— Ну, и где тут Курск и реки курские — Кур, Тускорь, Сейм? — усмехнулся с явной иронией Шеин.
— Так, батюшка-воевода, в старину писали емко, сжато, не теперешним писцам чета, пишущим размашисто да витиевато, — не задумался и малой малости дьячок. — Тут надобно не только буквицы зрить, но и меж буквиц видеть. Сказано же на Десне, следовательно, и на притоках ее тоже. А Тускорь да и Семь наша — притоки Десны.
— Семь — это Сейм что ли? — переспросил, уточняя, Алексей Семенович.
— Она самая, она самая, — утвердительно задергал бороденкой дьячок. — Река одна, а названия уже разные. Раньше — Семь, ныне, на польский манер — Сейм. Поляки за годы своего властвования в этих краях перекрестили, кажись…
— Понятно, — суховато отрубил воевода. — Ты далее сказывай.

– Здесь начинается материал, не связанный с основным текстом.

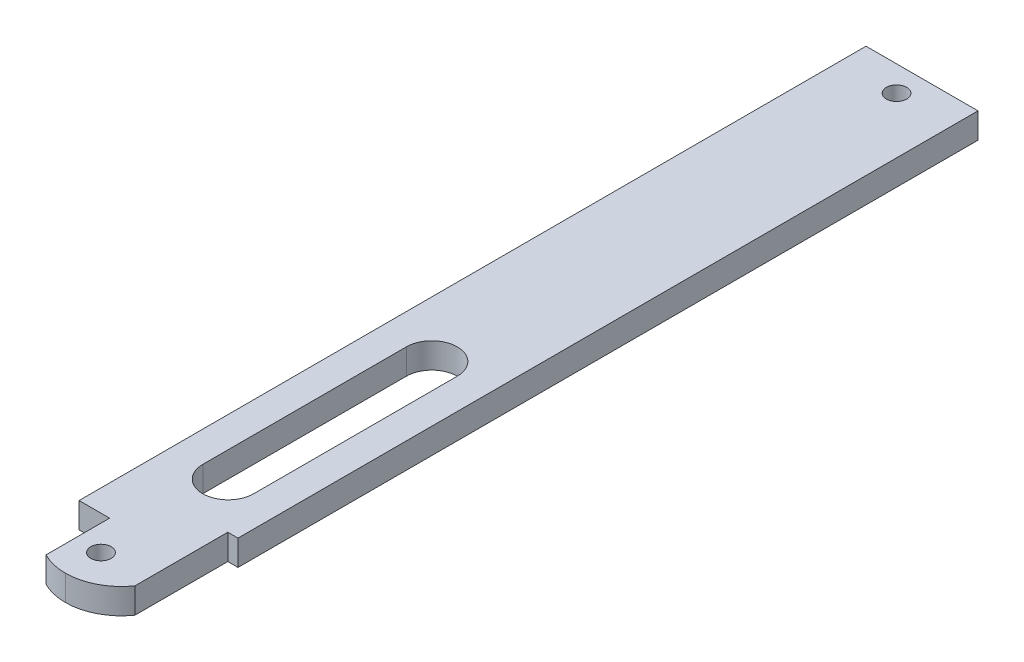
ISO-10303-21;
HEADER;
FILE_DESCRIPTION(('STEP AP214'),'2;1');
FILE_NAME('part.step','',(''),(''),'','','');
FILE_SCHEMA(('AUTOMOTIVE_DESIGN { 1 0 10303 214 1 1 1 1 }'));
ENDSEC;
DATA;
#1=APPLICATION_CONTEXT('core data for automotive mechanical design processes');
#2=APPLICATION_PROTOCOL_DEFINITION('international standard','automotive_design',2000,#1);
#3=PRODUCT_CONTEXT('',#1,'mechanical');
#4=PRODUCT('Part','Part','',(#3));
#5=PRODUCT_RELATED_PRODUCT_CATEGORY('part','',(#4));
#6=PRODUCT_DEFINITION_FORMATION('','',#4);
#7=PRODUCT_DEFINITION_CONTEXT('part definition',#1,'design');
#8=PRODUCT_DEFINITION('design','',#6,#7);
#9=PRODUCT_DEFINITION_SHAPE('','',#8);
#10=(LENGTH_UNIT() NAMED_UNIT(*) SI_UNIT(.MILLI.,.METRE.));
#11=(NAMED_UNIT(*) PLANE_ANGLE_UNIT() SI_UNIT($,.RADIAN.));
#12=(NAMED_UNIT(*) SI_UNIT($,.STERADIAN.) SOLID_ANGLE_UNIT());
#13=UNCERTAINTY_MEASURE_WITH_UNIT(LENGTH_MEASURE(1.E-05),#10,'distance_accuracy_value','');
#14=(GEOMETRIC_REPRESENTATION_CONTEXT(3) GLOBAL_UNCERTAINTY_ASSIGNED_CONTEXT((#13)) GLOBAL_UNIT_ASSIGNED_CONTEXT((#10,
#11,#12)) REPRESENTATION_CONTEXT('',''));
#15=CARTESIAN_POINT('',(0.,0.,0.));
#16=DIRECTION('',(0.,0.,1.));
#17=DIRECTION('',(1.,0.,0.));
#18=AXIS2_PLACEMENT_3D('',#15,#16,#17);
#19=CARTESIAN_POINT('',(0.,5.,0.));
#20=DIRECTION('',(-1.,0.,0.));
#21=DIRECTION('',(0.,0.,1.));
#22=AXIS2_PLACEMENT_3D('',#19,#20,#21);
#23=PLANE('',#22);
#24=DIRECTION('',(0.,-1.,0.));
#25=VECTOR('',#24,1.);
#26=CARTESIAN_POINT('',(0.,0.,-11.6998848399623));
#27=LINE('',#26,#25);
#28=CARTESIAN_POINT('',(0.,5.,-11.6998848399623));
#29=VERTEX_POINT('',#28);
#30=CARTESIAN_POINT('',(0.,0.,-11.6998848399623));
#31=VERTEX_POINT('',#30);
#32=EDGE_CURVE('E214',#29,#31,#27,.T.);
#33=ORIENTED_EDGE('',*,*,#32,.F.);
#34=DIRECTION('',(0.,0.,-1.));
#35=VECTOR('',#34,1.);
#36=CARTESIAN_POINT('',(0.,5.,0.));
#37=LINE('',#36,#35);
#38=CARTESIAN_POINT('',(0.,5.,-166.3));
#39=VERTEX_POINT('',#38);
#40=EDGE_CURVE('E270',#29,#39,#37,.T.);
#41=ORIENTED_EDGE('',*,*,#40,.T.);
#42=DIRECTION('',(0.,-1.,0.));
#43=VECTOR('',#42,1.);
#44=CARTESIAN_POINT('',(0.,5.,-166.3));
#45=LINE('',#44,#43);
#46=CARTESIAN_POINT('',(0.,0.,-166.3));
#47=VERTEX_POINT('',#46);
#48=EDGE_CURVE('E275',#39,#47,#45,.T.);
#49=ORIENTED_EDGE('',*,*,#48,.T.);
#50=DIRECTION('',(0.,0.,-1.));
#51=VECTOR('',#50,1.);
#52=CARTESIAN_POINT('',(0.,0.,0.));
#53=LINE('',#52,#51);
#54=EDGE_CURVE('E283',#31,#47,#53,.T.);
#55=ORIENTED_EDGE('',*,*,#54,.F.);
#56=EDGE_LOOP('',(#33,#41,#49,#55));
#57=FACE_BOUND('',#56,.T.);
#58=ADVANCED_FACE('F95',(#57),#23,.T.);
#59=CARTESIAN_POINT('',(22.,5.,0.));
#60=DIRECTION('',(-1.,0.,0.));
#61=DIRECTION('',(0.,0.,1.));
#62=AXIS2_PLACEMENT_3D('',#59,#60,#61);
#63=PLANE('',#62);
#64=DIRECTION('',(0.,0.,-1.));
#65=VECTOR('',#64,1.);
#66=CARTESIAN_POINT('',(22.,5.,0.));
#67=LINE('',#66,#65);
#68=CARTESIAN_POINT('',(22.,5.,-20.917059784221));
#69=VERTEX_POINT('',#68);
#70=CARTESIAN_POINT('',(22.,5.,-166.3));
#71=VERTEX_POINT('',#70);
#72=EDGE_CURVE('E264',#69,#71,#67,.T.);
#73=ORIENTED_EDGE('',*,*,#72,.F.);
#74=DIRECTION('',(0.,1.,0.));
#75=VECTOR('',#74,1.);
#76=CARTESIAN_POINT('',(22.,5.,-20.917059784221));
#77=LINE('',#76,#75);
#78=CARTESIAN_POINT('',(22.,0.,-20.917059784221));
#79=VERTEX_POINT('',#78);
#80=EDGE_CURVE('E196',#79,#69,#77,.T.);
#81=ORIENTED_EDGE('',*,*,#80,.F.);
#82=DIRECTION('',(0.,0.,-1.));
#83=VECTOR('',#82,1.);
#84=CARTESIAN_POINT('',(22.,0.,0.));
#85=LINE('',#84,#83);
#86=CARTESIAN_POINT('',(22.,0.,-166.3));
#87=VERTEX_POINT('',#86);
#88=EDGE_CURVE('E278',#79,#87,#85,.T.);
#89=ORIENTED_EDGE('',*,*,#88,.T.);
#90=DIRECTION('',(0.,-1.,0.));
#91=VECTOR('',#90,1.);
#92=CARTESIAN_POINT('',(22.,5.,-166.3));
#93=LINE('',#92,#91);
#94=EDGE_CURVE('E289',#71,#87,#93,.T.);
#95=ORIENTED_EDGE('',*,*,#94,.F.);
#96=EDGE_LOOP('',(#73,#81,#89,#95));
#97=FACE_BOUND('',#96,.T.);
#98=ADVANCED_FACE('F317',(#97),#63,.F.);
#99=CARTESIAN_POINT('',(0.,0.,0.));
#100=DIRECTION('',(0.,1.,0.));
#101=DIRECTION('',(0.,0.,1.));
#102=AXIS2_PLACEMENT_3D('',#99,#100,#101);
#103=PLANE('',#102);
#104=CARTESIAN_POINT('',(11.,0.,-5.));
#105=DIRECTION('',(0.,1.,0.));
#106=DIRECTION('',(0.,0.,1.));
#107=AXIS2_PLACEMENT_3D('',#104,#105,#106);
#108=CIRCLE('',#107,2.);
#109=CARTESIAN_POINT('',(11.,0.,-3.));
#110=VERTEX_POINT('',#109);
#111=EDGE_CURVE('E265',#110,#110,#108,.T.);
#112=ORIENTED_EDGE('',*,*,#111,.T.);
#113=EDGE_LOOP('',(#112));
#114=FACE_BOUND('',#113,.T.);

— А далее… сказы да были несколько разнятся… — немного замялся дьячок. — По одной — в наш град, как и в другие, был прислан один из сыновей Владимира Святославича — Позвизд. По-древнему — повелитель бурь.
— Вон оно как… — хмыкнул Шеин. — И за какие же заслуги радость сия?..
— Сего не ведаю, — заморгал часто-часто рассказчик. — Может, из-за суровости жителей края — северы. Может, по иной какой докуке… Не ведаю. Ты уж, батюшка-воевода не изволь гневаться…
— Ладно, сказывай о другой небылице…
— По другой же — великим князем был поставлен на управление градом и краем один из местных старейшин племен северских — волостелин. Он в Житии преподобного Феодосия Печерского упоминается. А Житие сие писано преподобным Нестором. Вот одно к другому и складывается… Уже во времена Владимира Святославича и город был, и володарь имелся.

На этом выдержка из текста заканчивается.